Berita pembunuhan Mahmoud Mabhouh tersebut juga dilaporkan televisi Aljazeera, Qatar. Sejumlah dokumen menunjukkan tujuh tahun sebelum aksi teror terhadap Mabhouh dilancarkan, mereka dibebaskan dari penjara oleh petugas keamanan Uni Emirat Arab. Pelaku melakukan berbagai pertemuan dengan salah seorang intel Mossad.
Mossad berulangkali melancarkan aksi teror di dalam dan luar wilayah Palestina Pendudukan. Selain aksi teror terhadap Mahmoud Mabhouh rezim Zionis melancarkan serangan teror terhadap Fathi Shaqaqi, pendiri Jihad Islam Palestina di pulau Malta pada Oktober 1995, teror terhadap Imad Moghniyah, anggota senior Hizbullah Lebanon yang diteror di Suriah pada tahun 2008, dan aksi teror terhadap pendiri gerakan Hamas, Ahmad Yasin di Gaza, dan para tokoh lainnya.
Khaled Meshal juga pernah menjadi target teror Mossad di tahun 2007 di Yordania, tapi berhasil lolos. Penyelidikan terhadap jejak serangan teror ini menunjukkan salah satu pusat operasi yang dilancarkan Mossad adalah Uni Emirat Arab.
Selama dua dekade terakhir, rezim Zionis Isarel dan Uni Emirat Arab melakukan kerja sama dengan menjadikan negaranya sebagai tempat berbagai aksi teror yang dilancarkan oleh Mossad. Petugas Mossad dengan lampu hijau pejabat Uni Emirat Arab tidak memiliki batasan untuk menjalankan aksi teroris terhadap orang-orang yang menjadi targetnya di negara Arab itu. Aksi mereka juga didukung jawatan keamanan dan pengadilan negara lain seperti Yordania.
Kebanyakan aksi teror yang dilancarkan Mossad di Dubai dan Abu Dhabi terjadi atas koordinasi dengan pemerintah Uni Emirat Arab. Dengan demikian, rezim Arab ini membiarkan negaranya dijadikan sebagai arena operasi spionase dan terorisme rezim Zionis Israel di kawasan.Meski demikian, Uni Emirat Arab tidak pernah dipersoalkan di tingkat dunia berkat dukungan sepihak Barat, terutama AS. Akibatnya para penguasa Arab semacam Uni Emirat Arab semakin arogan dalam menjalankan aksi destruktifnya di kawasan.

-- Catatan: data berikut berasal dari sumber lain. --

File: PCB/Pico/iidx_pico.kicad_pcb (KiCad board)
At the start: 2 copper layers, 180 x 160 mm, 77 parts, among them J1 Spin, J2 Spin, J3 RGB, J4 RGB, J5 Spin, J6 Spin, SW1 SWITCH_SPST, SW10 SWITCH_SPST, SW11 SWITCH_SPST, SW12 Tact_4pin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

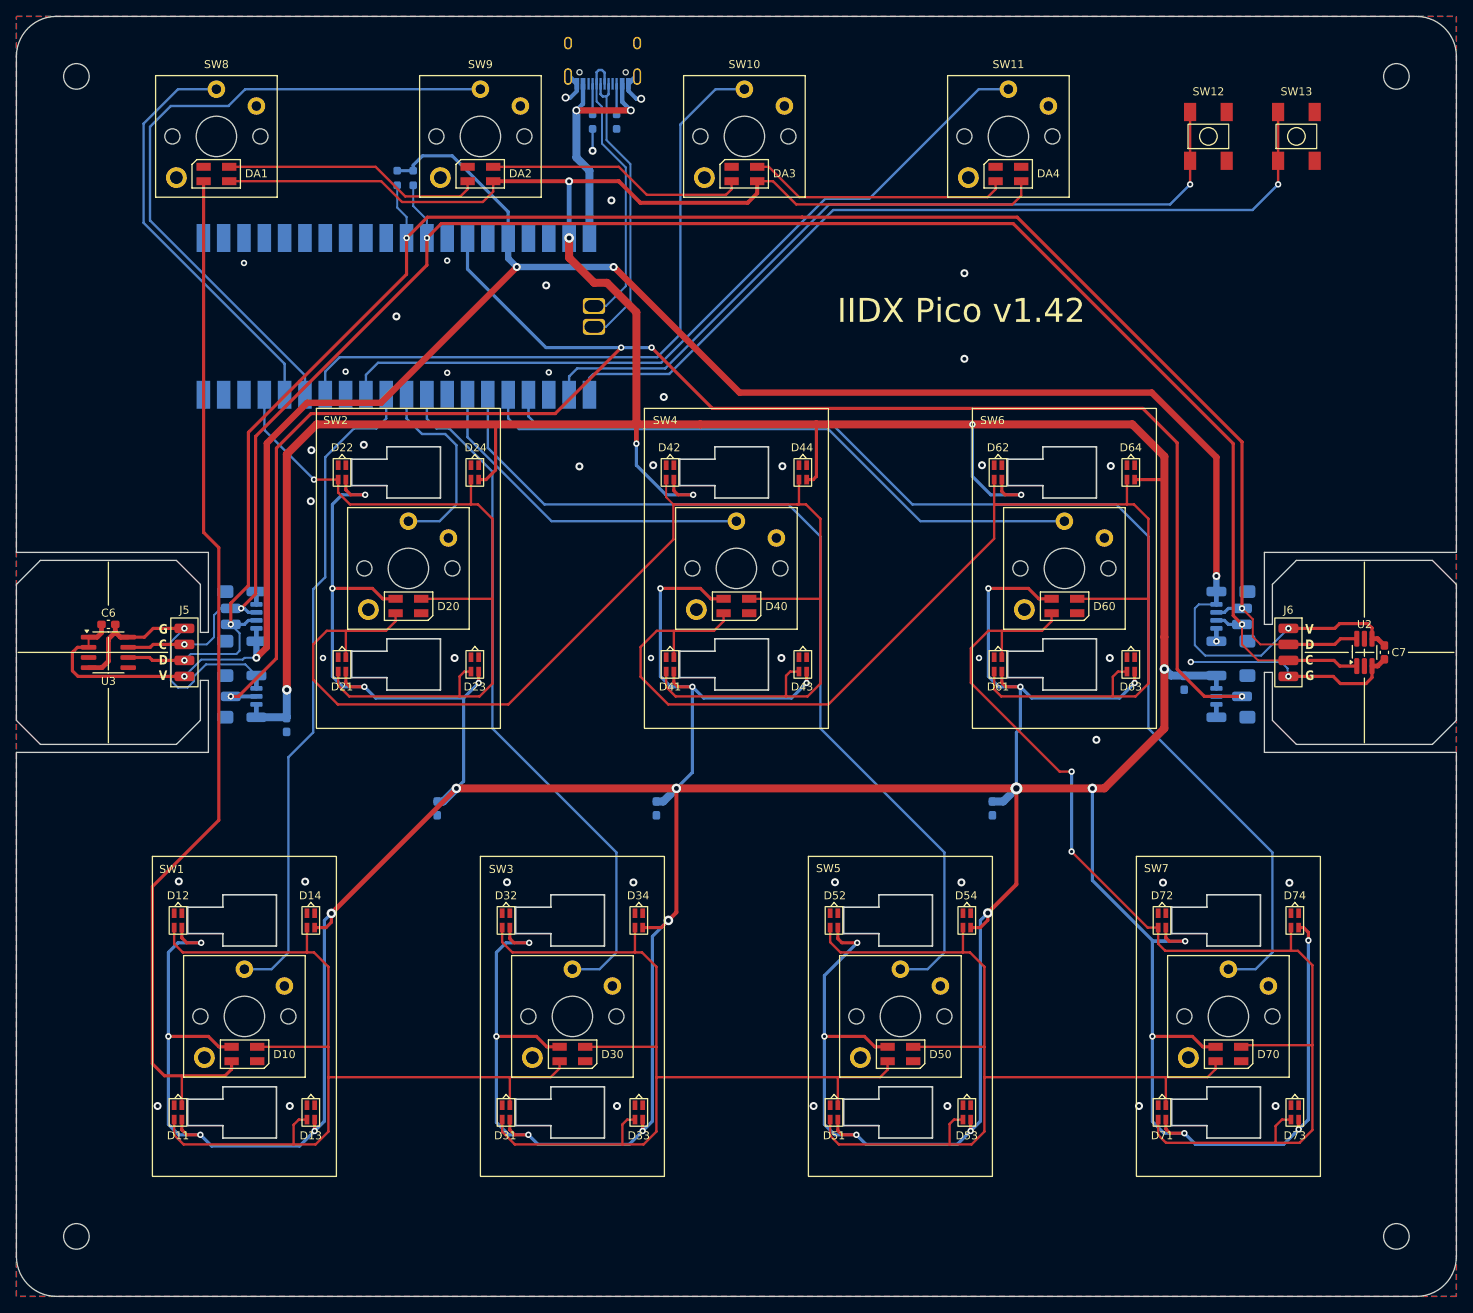
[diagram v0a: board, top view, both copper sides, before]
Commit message: Hall effect switch support
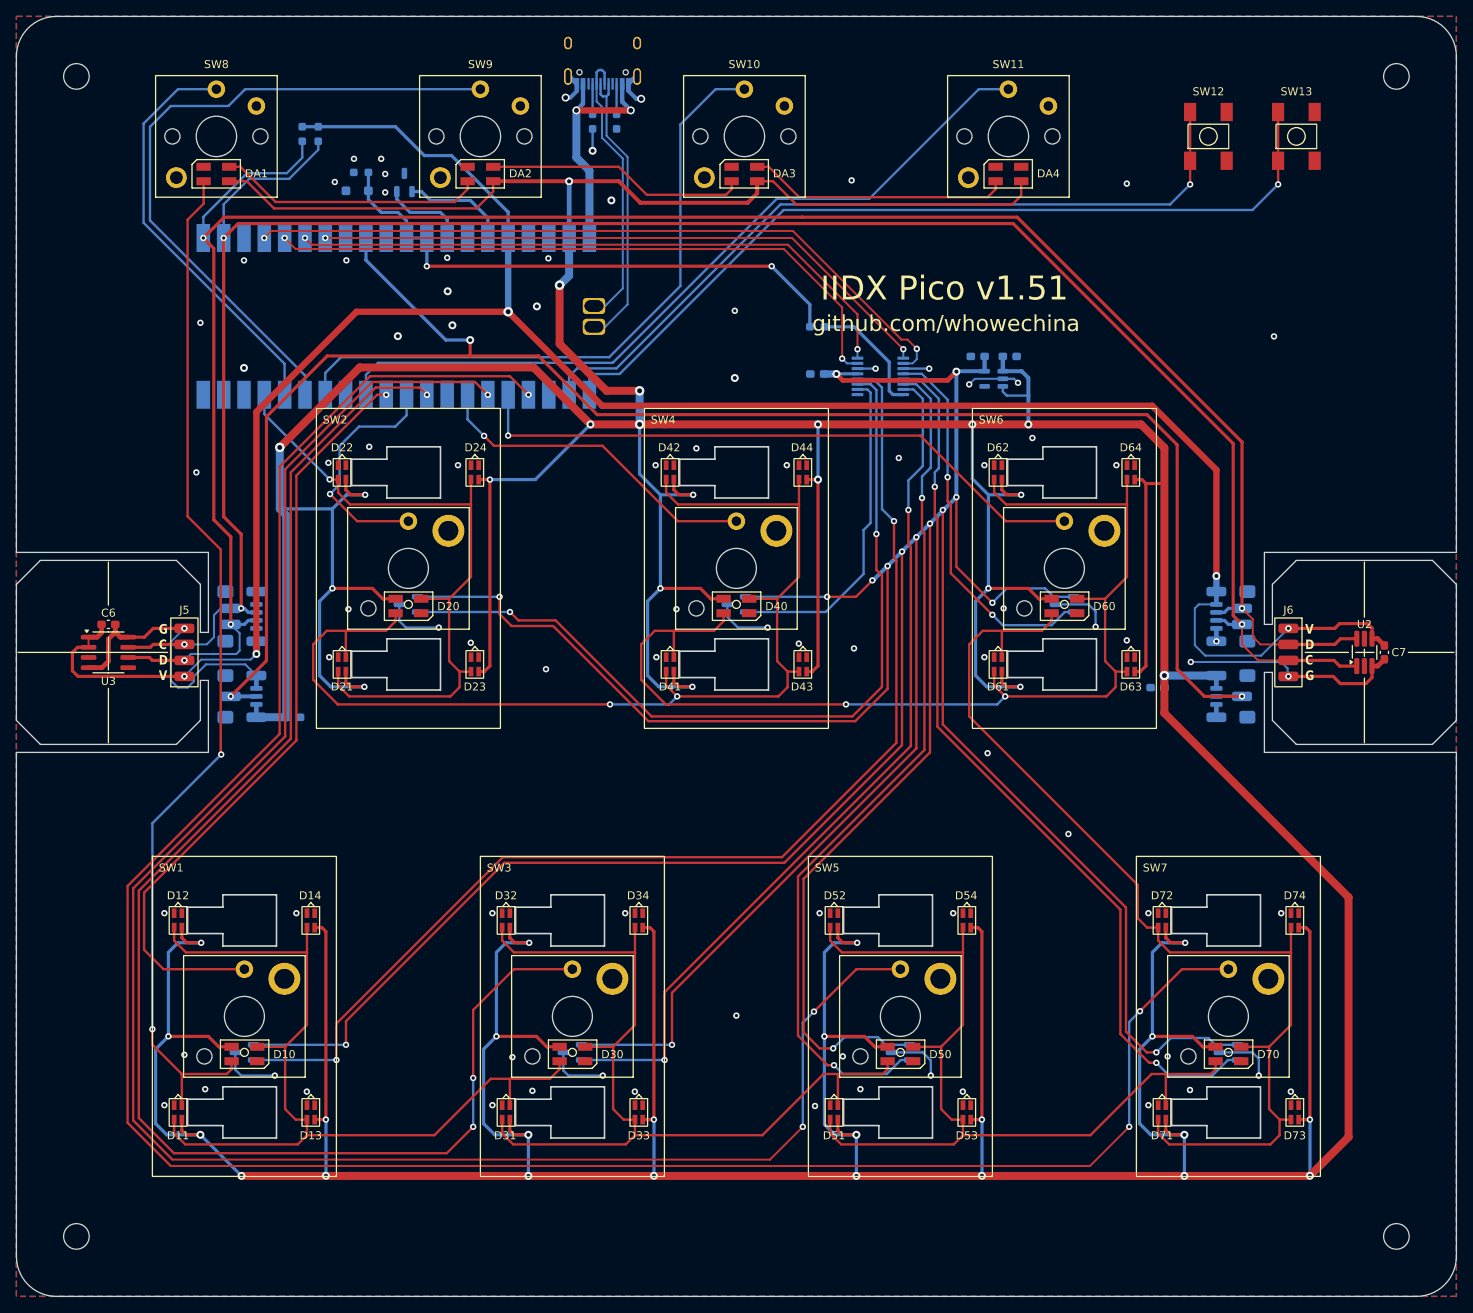
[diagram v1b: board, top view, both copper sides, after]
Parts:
- added C10: 0.1uF, Capacitor_SMD:C_0603_1608Metric_Pad1.08x0.95mm_HandSolder, B.Cu at (147.4, 64.1)
- added C8: 0.1uF, Capacitor_SMD:C_0603_1608Metric_Pad1.08x0.95mm_HandSolder, B.Cu at (171.5, 61.9)
- added C9: 0.1uF, Capacitor_SMD:C_0603_1608Metric_Pad1.08x0.95mm_HandSolder, B.Cu at (167.5, 61.9)
- added H1: SS49E_SOT23, iidx_pico:SOT-23-FAT, B.Cu at (75.8, 148.9)
- added H2: SS49E_SOT23, iidx_pico:SOT-23-FAT, B.Cu at (96.3, 92.9)
- added H3: SS49E_SOT23, iidx_pico:SOT-23-FAT, B.Cu at (116.8, 148.9)
- added H4: SS49E_SOT23, iidx_pico:SOT-23-FAT, B.Cu at (137.3, 92.9)
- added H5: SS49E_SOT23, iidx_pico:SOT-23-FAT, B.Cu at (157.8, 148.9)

Israel meningkatkan aksi teror demi menciptakan ketakutan dan memberangus segala bentuk aksi perlawanan terhadap rezim Zionis di kawasan. Para penguasa Arab yang tidak memiliki dukungan dari rakyatnya sendiri memandang gerakan perlawanan terhadap Israel juga menjadi ancaman baginya. Oleh karena itu mereka bekerja sama dengan Israel untuk mewujudkan tujuannya masing-masing. Meskipun kerja sama tersebut ditutup-tutupi, tapi kebijakan para penguasa Arab tersebut, sebagaimana menimpa Uni Emirat Arab mulai diketahui publik dunia, dan rakyatnya. Lambat atau cepat akan menjadi api yang menjadi bumerang bagi mereka sendiri.